▸ Task requirements:
Please print exactly the lines running from the one that contains "Add Constant3/1 -> Thrtl_8ch_cfg/7(data_f)" to the end of the data, with both lines included.
── Data extract
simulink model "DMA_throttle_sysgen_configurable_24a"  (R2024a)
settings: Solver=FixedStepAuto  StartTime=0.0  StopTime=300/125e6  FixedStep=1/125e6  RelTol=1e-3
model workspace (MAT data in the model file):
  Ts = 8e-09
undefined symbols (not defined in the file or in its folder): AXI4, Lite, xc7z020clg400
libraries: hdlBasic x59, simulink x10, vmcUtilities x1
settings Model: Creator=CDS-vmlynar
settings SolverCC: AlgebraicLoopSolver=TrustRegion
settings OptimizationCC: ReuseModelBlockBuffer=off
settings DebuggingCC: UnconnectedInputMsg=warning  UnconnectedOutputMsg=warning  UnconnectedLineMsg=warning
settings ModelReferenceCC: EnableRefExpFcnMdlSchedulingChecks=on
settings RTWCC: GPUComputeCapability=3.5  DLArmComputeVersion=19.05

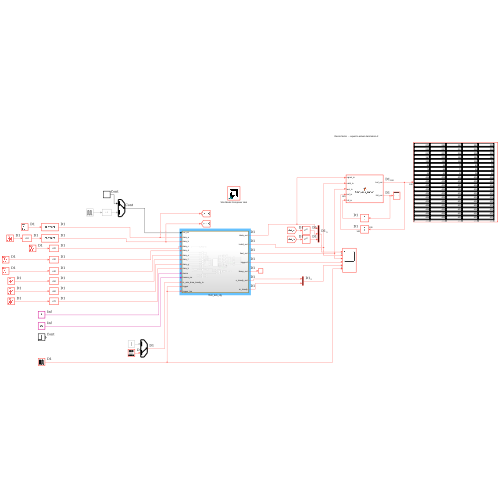
[thumbnail: Simulink's stored preview of the top-level diagram]
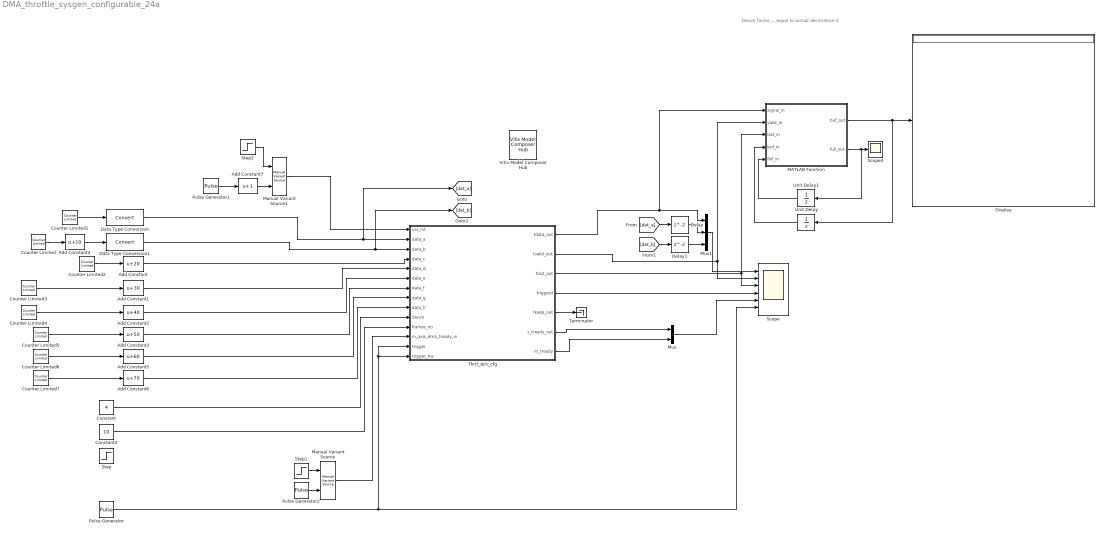
== system DMA_throttle_sysgen_configurable_24a ==
  note: Decim factor ... equal to actual decimation-2
  Add Constant : Bias  Bias=20  SaturateOnIntegerOverflow=off
  Add Constant1 : Bias  Bias=30  SaturateOnIntegerOverflow=off
  Add Constant2 : Bias  Bias=40  SaturateOnIntegerOverflow=off
  Add Constant3 : Bias  Bias=50  SaturateOnIntegerOverflow=off
  Add Constant4 : Bias  Bias=10  SaturateOnIntegerOverflow=off
  Add Constant5 : Bias  Bias=60  SaturateOnIntegerOverflow=off
  Add Constant6 : Bias  Bias=70  SaturateOnIntegerOverflow=off
  Add Constant7 : Bias  Bias=1  SaturateOnIntegerOverflow=off
  Constant : Constant  Value=4
  Constant2 : Constant  Value=10
  Counter Limited{,1..7} (8 alike) : simulink/Sources/Counter Limited  uplimit=4e9  tsamp=Ts
  Data Type Conversion : DataTypeConversion  SaturateOnIntegerOverflow=off  RndMeth=Floor
  Data Type Conversion1 : DataTypeConversion  SaturateOnIntegerOverflow=off  RndMeth=Floor
  Delay : Delay
  Delay1 : Delay
  Display : Display
  MATLAB Function : MATLAB Function  TreatAsAtomicUnit=on
  Manual Variant Source : simulink/Signal Routing/Manual Variant Source  NumChoices=2  LabelModeActiveChoice=V_2
  Manual Variant Source1 : simulink/Signal Routing/Manual Variant Source  NumChoices=2  LabelModeActiveChoice=V_1
  Mux : Mux  Inputs=2
  Mux1 : Mux  Inputs=3
  Pulse Generator : DiscretePulseGenerator  PulseType=Time based  Period=80/125e6  PulseWidth=5  PhaseDelay=10/125e6
  Pulse Generator1 : DiscretePulseGenerator  PulseType=Time based  Amplitude=-1  Period=80/125e6  PulseWidth=80  PhaseDelay=10/125e6
  Pulse Generator2 : DiscretePulseGenerator  Period=70  PulseWidth=44  PhaseDelay=40  SampleTime=Ts
  Scope : Scope  NumInputPorts=6
  Scope3 : Scope
  Step : Step  Time=10/125e6  SampleTime=0
  Step1 : Step  Time=20/125e6  SampleTime=Ts
  Step2 : Step  Time=5/125e6  Before=1  After=0  SampleTime=0
  Terminator : Terminator
  Thrtl_8ch_cfg : Subsystem
  Unit Delay : UnitDelay  InitialCondition=404*ones(100,1)  SampleTime=Ts  HasFrameUpgradeWarning=on
  Unit Delay1 : UnitDelay  SampleTime=Ts  HasFrameUpgradeWarning=on
  Vitis Model Composer Hub : vmcUtilities/Vitis Model Composer Hub  Tag=genX  CodeGeneration=off  SubsystemName=Thrtl_8ch_cfg  CompilationType=HDLCompilation  SubsystemType=HDLNode  ExportTypeV2=IP Catalog  StartColumn=1  NumberOfColumns=1  TargetDirectory=./netlist  exportDesign=on  analyzeDesign=off  validateDesignOnHw=off  ExportType=System Generator  IpVendor=xilinx.com  IpLibrary=hls  IpVersion=1.0  IpHWLanguage=Verilog  AieCompilerOptions={}  AieSimulatorOptions={}  CreateTestbench=off  TestbenchStackSize=10  RunRtlSim=off  RunCSim=off  RunAieSim=off  AieSimTimeout=50000  RunAieSimProfiling=off  LaunchVitisAnalyzer=off  PlotOutput=off  RunX86Sim=off  X86SimTimeout=10  GenHwImage=off  GenLibadfXo=off  GenHwValidationCode=off  PlatformType=Not Specified  HwSystemType=Baremetal  HwValidationTarget=hw  ProjDevice=xc7z020clg400-1  ProjDevicePart=xc7z020clg400-1  AIEType=None  SamplePeriod=-1  ClockFrequency=200  DataPathParallelism=1  xilinxfamily=zynq  part=xc7z020  speed=-1  package=clg400  directory=./netlist/ip/Thrtl_8ch_cfg/src  testbench=off  incr_netlist=off  synthesis_tool=Vivado  clock_wrapper=Clock Enables  dbl_ovrd=According to Block Masks  dcm_input_clock_period=10  sysclk_period=8  simulink_period=8e-9  eval_field=0  IPInfoJsonString="{\"DUTSubsystemName\":\"Thrtl_8ch_cfg\",\"HDLSubsystem\":{\"SubsystemName\":\"Thrtl_8ch_cfg\",\"IPName\":\"Thrtl_8ch_cfg\",\"IPLibrary\":\"VMC\",\"IPVendor\":\"User Company\",\"IPVersion\":\"1.0\",\"TargetDirectory\":\"./netlist\",\"SubsystemDir\":\"./netlist/ip/Thrtl_8ch_cfg\",\"FreqHz\":\"125000000\"},\"SubsystemTag\":\"HDLNode\"}"  LogFileName=/home/user/host_home/work/acin/projects/universal_lqg/lqg-fp7-firmware/dma_throttle/netlist/model_composer.log  NThreads=4  IPConfigFile=/tmp/vmctmp-user/10/ipconfig.json
  wires:
  Counter Limited1/1 -> Data Type Conversion/1
  Add Constant4/1 -> Data Type Conversion1/1
  Counter Limited2/1 -> Add Constant/1
  Counter Limited3/1 -> Add Constant1/1
  Counter Limited5/1 -> Add Constant3/1
  Counter Limited4/1 -> Add Constant2/1
  Counter Limited/1 -> Add Constant4/1
  Counter Limited6/1 -> Add Constant5/1
  Counter Limited7/1 -> Add Constant6/1
  Mux/1 -> Scope/5
  Add Constant7/1 -> Manual Variant Source1/2
  Pulse Generator1/1 -> Add Constant7/1
  Step1/1 -> Manual Variant Source/1
  Pulse Generator2/1 -> Manual Variant Source/2
  Pulse Generator/1 -> Thrtl_8ch_cfg/14(trigger_hw), Thrtl_8ch_cfg/13(trigger), Scope/6
  Step2/1 -> Manual Variant Source1/1
  Unit Delay1/1 -> MATLAB Function/5(full_in)
  MATLAB Function/2(full_out) -> Unit Delay1/1, Scope3/1
  Unit Delay/1 -> MATLAB Function/4(buf_in)
  MATLAB Function/1(buf_out) -> Display/1, Unit Delay/1
  Mux1/1 -> Scope/1
  Delay1/1 -> Mux1/3
  Delay/1 -> Mux1/2
  [dat_b] -> Delay1/1
  [dat_a] -> Delay/1
  Thrtl_8ch_cfg/2(tvalid_out) -> Scope/2, MATLAB Function/2(valid_in)
  Thrtl_8ch_cfg/1(tdata_out) -> MATLAB Function/1(signal_in), Mux1/1
  Thrtl_8ch_cfg/3(tlast_out) -> Scope/3, MATLAB Function/3(last_in)
  Manual Variant Source1/1 -> Thrtl_8ch_cfg/1(usr_rst)
  Add Constant/1 -> Thrtl_8ch_cfg/4(data_c)
  Add Constant1/1 -> Thrtl_8ch_cfg/5(data_d)
  Add Constant2/1 -> Thrtl_8ch_cfg/6(data_e)
  Add Constant3/1 -> Thrtl_8ch_cfg/7(data_f)
  Add Constant5/1 -> Thrtl_8ch_cfg/8(data_g)
  Add Constant6/1 -> Thrtl_8ch_cfg/9(data_h)
  Constant/1 -> Thrtl_8ch_cfg/10(decim)
  Constant2/1 -> Thrtl_8ch_cfg/11(frames_no)
  Manual Variant Source/1 -> Thrtl_8ch_cfg/12(m_axis_dma_tready_in)
  Thrtl_8ch_cfg/4(triggerd) -> Scope/4
  Thrtl_8ch_cfg/5(tkeep_out) -> Terminator/1
  Thrtl_8ch_cfg/6(s_tready_out) -> Mux/1
  Thrtl_8ch_cfg/7(m_tready) -> Mux/2
  Data Type Conversion/1 -> [dat_a], Thrtl_8ch_cfg/2(data_a)
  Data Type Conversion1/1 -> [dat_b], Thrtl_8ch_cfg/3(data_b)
────
▸ Task answer:
  Add Constant3/1 -> Thrtl_8ch_cfg/7(data_f)
  Add Constant5/1 -> Thrtl_8ch_cfg/8(data_g)
  Add Constant6/1 -> Thrtl_8ch_cfg/9(data_h)
  Constant/1 -> Thrtl_8ch_cfg/10(decim)
  Constant2/1 -> Thrtl_8ch_cfg/11(frames_no)
  Manual Variant Source/1 -> Thrtl_8ch_cfg/12(m_axis_dma_tready_in)
  Thrtl_8ch_cfg/4(triggerd) -> Scope/4
  Thrtl_8ch_cfg/5(tkeep_out) -> Terminator/1
  Thrtl_8ch_cfg/6(s_tready_out) -> Mux/1
  Thrtl_8ch_cfg/7(m_tready) -> Mux/2
  Data Type Conversion/1 -> [dat_a], Thrtl_8ch_cfg/2(data_a)
  Data Type Conversion1/1 -> [dat_b], Thrtl_8ch_cfg/3(data_b)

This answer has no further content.